Learn how to find, access, and set up AnVIL data for analysis in Terra, including controlled-data you have permission to work with. This document provides instructions for selecting and setting up AnVIL data for analysis in the cloud, as is highly recommended by the AnVIL.
AnVIL data may also be downloaded out of the cloud to local/institutional systems. Note that you will pay the costs charged by Google for doing so.
AnVIL data is now provided through the AnVIL Data Explorer The AnVIL Gen3 data portal is no longer available. Instead, go to AnVIL Data Explorer.
AnVIL data overview
- You can find AnVIL datasets in the AnVIL Data Explorer, and the Data Use Oversight System (DUOS).
- Some AnVIL datasets are open-access, yet most are controlled-access, and require permission to access the data. You can obtain permission to access controlled data from dbGaP or the Data Use Oversight System (DUOS).
- The AnVIL Data Explorer provides faceted search and selection of AnVIL studies and the ability to export the user-selected data to either:
- A Terra user workspace for analysis in Terra (preferred)

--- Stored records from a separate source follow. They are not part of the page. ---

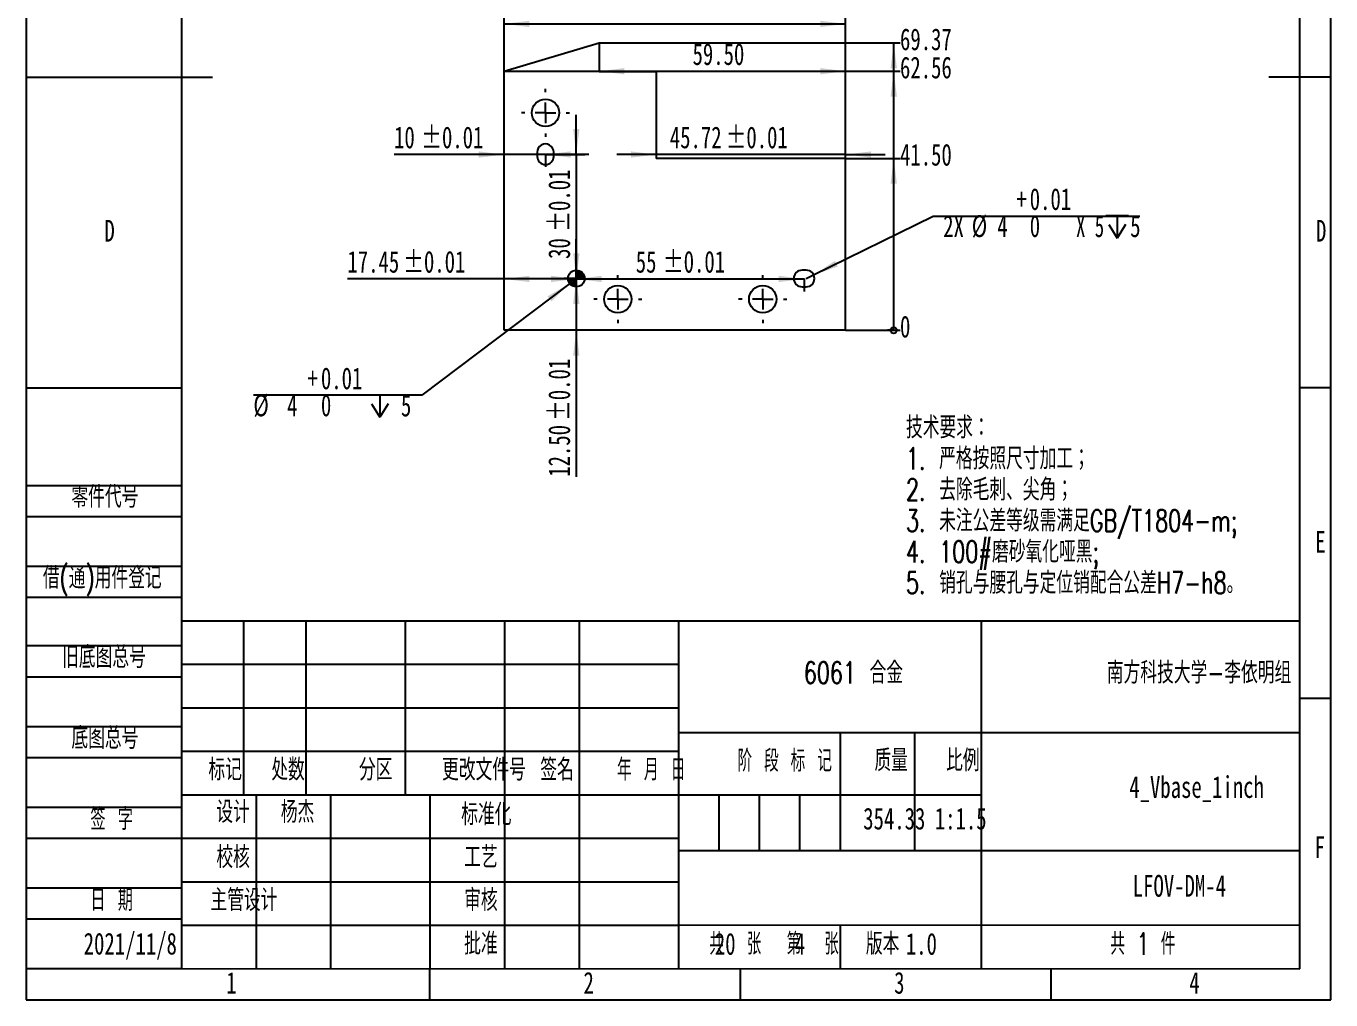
# Model space of a CAD drawing. Header units: millimetres. Extents: x 0 to 210, y 0 to 297.
# Drawn here: x 0 to 210, y 0 to 156.7 of the extents above; entities that cross this region are included whole.
import ezdxf

# ---------------------------------------------------------------- set-up
doc = ezdxf.new("R2010")
doc.units = ezdxf.units.MM
doc.layers.add('图框', color=7, linetype='Continuous')
doc.layers.add('图纸格式', color=7, linetype='Continuous')
doc.layers.add('根据设置的颜色创建', color=7, linetype='Continuous', lineweight=25)
doc.styles.add('SLDTEXTSTYLE0', font='TXT', dxfattribs={"width": 0.7, "bigfont": 'bigfont'})
doc.styles.add('SLDTEXTSTYLE1', font='TXT', dxfattribs={"width": 0.62, "bigfont": 'bigfont'})
doc.styles.add('SLDTEXTSTYLE12', font='TXT', dxfattribs={"width": 0.633333})
doc.styles.add('SLDTEXTSTYLE2', font='TXT', dxfattribs={"width": 0.614286, "bigfont": 'bigfont'})
doc.styles.add('SLDTEXTSTYLE3', font='TXT', dxfattribs={"width": 0.6, "bigfont": 'bigfont'})
doc.styles.add('SLDTEXTSTYLE4', font='TXT', dxfattribs={"width": 0.633333, "bigfont": 'bigfont'})
doc.styles.add('SLDTEXTSTYLE5', font='TXT', dxfattribs={"width": 0.7})
doc.dimstyles.new('SLDDIMSTYLE0', dxfattribs={"dimtxt": 3.5, "dimasz": 4.08, "dimexe": 0, "dimexo": 0.0625, "dimgap": 0.875, "dimtad": 2, "dimlfac": 1.5, "dimrnd": 1e-09, "dimzin": 12, "dimdsep": 46, "dimtxsty": 'SLDTEXTSTYLE5', "dimsah": 1, "dimcen": 0.09, "dimadec": 0, "dimazin": 3, "dimtol": 1, "dimtp": 0.01, "dimtm": 0.01, "dimtfac": 1, "dimtofl": 0, "dimtmove": 0, "dimatfit": 3, "dimfxl": 0, "dimfrac": 2, "dimtolj": 1, "dimarcsym": 0})
doc.dimstyles.new('SLDDIMSTYLE10', dxfattribs={"dimtxt": 3.5, "dimasz": 4.08, "dimexe": 0, "dimexo": 0.0625, "dimgap": 0.875, "dimtad": 0, "dimtih": 1, "dimtoh": 1, "dimlfac": 1.5, "dimrnd": 1e-09, "dimzin": 4, "dimdsep": 46, "dimtxsty": 'SLDTEXTSTYLE5', "dimsah": 1, "dimcen": 0.09, "dimadec": 0, "dimazin": 1, "dimtfac": 1, "dimtofl": 0, "dimtmove": 0, "dimatfit": 3, "dimfxl": 0, "dimfrac": 2, "dimtolj": 1, "dimtzin": 12, "dimarcsym": 0})
doc.dimstyles.new('SLDDIMSTYLE11', dxfattribs={"dimtxt": 3.5, "dimasz": 4.08, "dimexe": 0, "dimexo": 0.0625, "dimgap": 0.875, "dimtad": 0, "dimtih": 1, "dimtoh": 1, "dimlfac": 1.5, "dimrnd": 1e-09, "dimzin": 12, "dimdsep": 46, "dimtxsty": 'SLDTEXTSTYLE5', "dimsah": 1, "dimcen": 0.09, "dimadec": 0, "dimazin": 3, "dimtfac": 1, "dimtofl": 0, "dimtmove": 0, "dimatfit": 3, "dimfxl": 0, "dimfrac": 2, "dimtolj": 1, "dimtzin": 12, "dimarcsym": 0})
doc.dimstyles.new('SLDDIMSTYLE12', dxfattribs={"dimtxt": 3.5, "dimasz": 4.08, "dimexe": 0, "dimexo": 0.0625, "dimgap": 0.875, "dimtad": 0, "dimtih": 1, "dimtoh": 1, "dimdec": 6, "dimlfac": 1.5, "dimrnd": 1e-09, "dimzin": 12, "dimdsep": 46, "dimtxsty": 'SLDTEXTSTYLE5', "dimblk1": 'NONE', "dimsah": 1, "dimcen": 0, "dimadec": 0, "dimazin": 3, "dimtol": 1, "dimtp": 0.012, "dimtfac": 1, "dimtmove": 0, "dimatfit": 3, "dimldrblk": 'NONE', "dimfxl": 0, "dimfrac": 2, "dimtolj": 1, "dimtzin": 0, "dimarcsym": 0})
doc.dimstyles.new('SLDDIMSTYLE13', dxfattribs={"dimtxt": 3.5, "dimasz": 4.08, "dimexe": 0, "dimexo": 0.0625, "dimgap": 0.875, "dimtad": 0, "dimtih": 1, "dimtoh": 1, "dimdec": 6, "dimlfac": 1.5, "dimrnd": 1e-09, "dimzin": 12, "dimdsep": 46, "dimtxsty": 'SLDTEXTSTYLE5', "dimsah": 1, "dimcen": 0, "dimadec": 0, "dimazin": 3, "dimtol": 1, "dimtp": 0.012, "dimtfac": 1, "dimtofl": 0, "dimtmove": 0, "dimatfit": 3, "dimfxl": 0, "dimfrac": 2, "dimtolj": 1, "dimtzin": 0, "dimarcsym": 0})
doc.dimstyles.new('SLDDIMSTYLE3', dxfattribs={"dimtxt": 3.5, "dimasz": 4.08, "dimexe": 0, "dimexo": 0.0625, "dimgap": 0.875, "dimtad": 2, "dimlfac": 1.5, "dimrnd": 1e-09, "dimzin": 12, "dimdsep": 46, "dimtxsty": 'SLDTEXTSTYLE5', "dimsah": 1, "dimcen": 0.09, "dimadec": 0, "dimazin": 3, "dimtfac": 1, "dimtofl": 0, "dimtmove": 0, "dimatfit": 3, "dimfxl": 0, "dimfrac": 2, "dimtolj": 1, "dimtzin": 12, "dimarcsym": 0})
doc.dimstyles.new('SLDDIMSTYLE4', dxfattribs={"dimtxt": 3.5, "dimasz": 4.08, "dimexe": 0, "dimexo": 0.0625, "dimgap": 0.875, "dimtad": 2, "dimlfac": 1.5, "dimrnd": 1e-09, "dimzin": 4, "dimdsep": 46, "dimtxsty": 'SLDTEXTSTYLE5', "dimsah": 1, "dimcen": 0.09, "dimadec": 0, "dimazin": 1, "dimtfac": 1, "dimtofl": 0, "dimtmove": 0, "dimatfit": 3, "dimfxl": 0, "dimfrac": 2, "dimtolj": 1, "dimtzin": 12, "dimarcsym": 0})
doc.dimstyles.new('SLDDIMSTYLE6', dxfattribs={"dimtxt": 3.5, "dimasz": 4.08, "dimexe": 0, "dimexo": 0.0625, "dimgap": 0.875, "dimtad": 2, "dimlfac": 1.5, "dimrnd": 1e-09, "dimzin": 12, "dimdsep": 46, "dimtxsty": 'SLDTEXTSTYLE5', "dimsah": 1, "dimcen": 0.09, "dimadec": 0, "dimazin": 3, "dimtol": 1, "dimtp": 0.01, "dimtm": 0.01, "dimtfac": 1, "dimtmove": 0, "dimatfit": 0, "dimfxl": 0, "dimfrac": 2, "dimtolj": 1, "dimarcsym": 0})
doc.dimstyles.new('SLDDIMSTYLE8', dxfattribs={"dimtxt": 3.5, "dimasz": 4.08, "dimexe": 0, "dimexo": 0.0625, "dimgap": 0.875, "dimtad": 2, "dimlfac": 1.5, "dimrnd": 1e-09, "dimzin": 4, "dimdsep": 46, "dimtxsty": 'SLDTEXTSTYLE5', "dimsah": 1, "dimcen": 0.09, "dimadec": 0, "dimazin": 1, "dimtol": 1, "dimtp": 0.01, "dimtm": 0.01, "dimtfac": 1, "dimtmove": 0, "dimatfit": 0, "dimfxl": 0, "dimfrac": 2, "dimtolj": 1, "dimarcsym": 0})
doc.dimstyles.new('SLDDIMSTYLE9', dxfattribs={"dimtxt": 3.5, "dimasz": 0.338667, "dimexe": 0, "dimexo": 0.0625, "dimgap": 0.875, "dimtad": 0, "dimtih": 1, "dimtoh": 1, "dimdec": 0, "dimlfac": 1.5, "dimrnd": 1e-09, "dimdsep": 46, "dimtxsty": 'SLDTEXTSTYLE5', "dimblk1": 'ORIGIN', "dimblk2": 'ORIGIN', "dimsah": 1, "dimcen": 0.09, "dimadec": 0, "dimazin": 2, "dimtfac": 1, "dimtdec": 0, "dimtofl": 0, "dimtmove": 0, "dimatfit": 3, "dimldrblk": 'ORIGIN', "dimfxl": 0, "dimfrac": 2, "dimtolj": 1, "dimtzin": 12, "dimarcsym": 0})

# ---------------------------------------------------------------- blocks, each defined once
blk = doc.blocks.new('SW_NOTE_0')
at = {"layer": '图纸格式', "color": 0, "char_height": 3.5, "attachment_point": 1, "style": 'SLDTEXTSTYLE0'}
for s, insert in [('技术要求：', (0, 4.51)), ('1. 严格按照尺寸加工；', (0, -0.49)), ('2. 去除毛刺、尖角；', (0, -5.49)), ('3. 未注公差等级需满足GB/T1804-m;', (0, -10.49)), ('4. 100#磨砂氧化哑黑;', (0, -15.49)), ('5. 销孔与腰孔与定位销配合公差H7-h8。', (0, -20.49))]:
    blk.add_mtext(s, dxfattribs=dict(at, insert=insert))
blk = doc.blocks.new('_Origin')
at = {"color": 0, "linetype": 'ByBlock', "lineweight": -2}
blk.add_line((0, 0), (-1, 0), dxfattribs=at)
blk.add_circle((0, 0), 0.5, dxfattribs=at)
blk = doc.blocks.new('_D_14')
at = {"layer": '根据设置的颜色创建'}
blk.add_line((131.89, 107.77), (140.65, 107.77), dxfattribs=at)
at = {"layer": '根据设置的颜色创建', "xscale": 1.016, "yscale": 1.016}
blk.add_blockref('_Origin', (139.64, 107.77), dxfattribs=at)
at = {"layer": '根据设置的颜色创建', "insert": (140.65, 110.11), "char_height": 3.5, "attachment_point": 1, "style": 'SLDTEXTSTYLE5'}
blk.add_mtext('0', dxfattribs=at)
blk = doc.blocks.new('_D_15')
at = {"layer": '根据设置的颜色创建'}
for p, q in [((131.89, 135.43), (140.65, 135.43)), ((139.64, 107.77), (139.64, 135.43))]:
    blk.add_line(p, q, dxfattribs=at)
blk.add_solid([(139.64, 135.43), (139.13, 131.35), (140.15, 131.35)], dxfattribs=at)
at = {"layer": '根据设置的颜色创建', "insert": (140.65, 137.78), "char_height": 3.5, "attachment_point": 1, "style": 'SLDTEXTSTYLE5'}
blk.add_mtext('41.50', dxfattribs=at)
blk = doc.blocks.new('_D_16')
at = {"layer": '根据设置的颜色创建'}
for p, q in [((76.92, 149.47), (140.65, 149.47)), ((139.64, 135.43), (139.64, 149.47))]:
    blk.add_line(p, q, dxfattribs=at)
blk.add_solid([(139.64, 149.47), (139.13, 145.39), (140.15, 145.39)], dxfattribs=at)
at = {"layer": '根据设置的颜色创建', "insert": (140.65, 151.82), "char_height": 3.5, "attachment_point": 1, "style": 'SLDTEXTSTYLE5'}
blk.add_mtext('62.56', dxfattribs=at)
blk = doc.blocks.new('_D_17')
at = {"layer": '根据设置的颜色创建'}
for p, q in [((92.22, 154.02), (140.65, 154.02)), ((139.64, 149.47), (139.64, 154.02))]:
    blk.add_line(p, q, dxfattribs=at)
blk.add_solid([(139.64, 154.02), (139.13, 149.94), (140.15, 149.94)], dxfattribs=at)
at = {"layer": '根据设置的颜色创建', "insert": (140.65, 156.36), "char_height": 3.5, "attachment_point": 1, "style": 'SLDTEXTSTYLE5'}
blk.add_mtext('69.37', dxfattribs=at)
blk = doc.blocks.new('_D_18')
at = {"layer": '根据设置的颜色创建'}
for p, q in [((131.89, 135.43), (131.89, 138.06)), ((101.41, 136.06), (95.06, 136.06)), ((131.89, 136.06), (101.41, 136.06)), ((131.89, 136.06), (138.24, 136.06))]:
    blk.add_line(p, q, dxfattribs=at)
for points in [[(101.41, 136.06), (97.33, 136.57), (97.33, 135.56)], [(131.89, 136.06), (135.97, 135.56), (135.97, 136.57)]]:
    blk.add_solid(points, dxfattribs=at)
at = {"layer": '根据设置的颜色创建', "char_height": 3.5, "attachment_point": 1, "style": 'SLDTEXTSTYLE5'}
for s, insert in [('±0.01', (112.59, 140.57)), ('45.72', (103.6, 140.57))]:
    blk.add_mtext(s, dxfattribs=dict(at, insert=insert))
blk = doc.blocks.new('_D_19')
at = {"layer": '根据设置的颜色创建'}
for p, q in [((88.55, 136.1), (88.55, 142.45)), ((83.59, 136.1), (90.55, 136.1)), ((88.55, 136.1), (88.55, 116.1)), ((88.55, 116.1), (86.55, 116.1)), ((88.55, 116.1), (88.55, 109.75))]:
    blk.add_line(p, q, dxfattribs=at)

- A TSV manifest, which can be used as input to download the data
- The structure and content of dataset tabular data are as provided by the data submitters. This includes the data dictionary, the names of tables and columns, and the values. There is often similarity among datasets submitted by the same consortium, yet substantial variation overall.
- The AnVIL data is hosted by the Terra Data Repository, although the TDR system is not used by researchers directly.
- AnVIL data is accessed using the GA4GH Data Repository Service (DRS) protocol.
- Each file is identified by a unique DRS URI.
- AnVIL data files are stored in Google Cloud Storage buckets in the GCP
us-central1
region.- These buckets are Requester Pays, meaning the user requesting the data is charged for all access to the data, including downloading. See Using Requester Pays workspaces/Buckets in Terra for more details.
- Note that when AnVIL data is analyzed in Terra and accessed via DRS URIs, the user is not charged for data access.
Best practices for analyzing AnVIL data
Researchers analyzing AnVIL data are encouraged to use the Terra GCP analysis platform, which provides free on-demand access to AnVIL data and secure, scalable interactive and batch computation. Working in Terra minimizes data storage and egress costs as there are no data access charges for dynamic/on-demand AnVIL data access (via GA4GH DRS protocol) when used in Terra GCP in the GCP us-central-1 region. If data is downloaded to a Terra workspace bucket, standard Google storage costs will apply to that data.
Recommended AnVIL data access flow
Part 1: Set up billing/access > Part 2: Select data (Data Explorer) > Part 3: Export files for analysis
If you need to download data locally to analyze (note potential cost)Researchers who choose to perform their analysis on local/institutional systems may do so. However, NHGRI AnVIL policy requires users to pay the out-of-cloud download costs Google charges. Files downloaded to local/institutional systems will incur Google data access costs.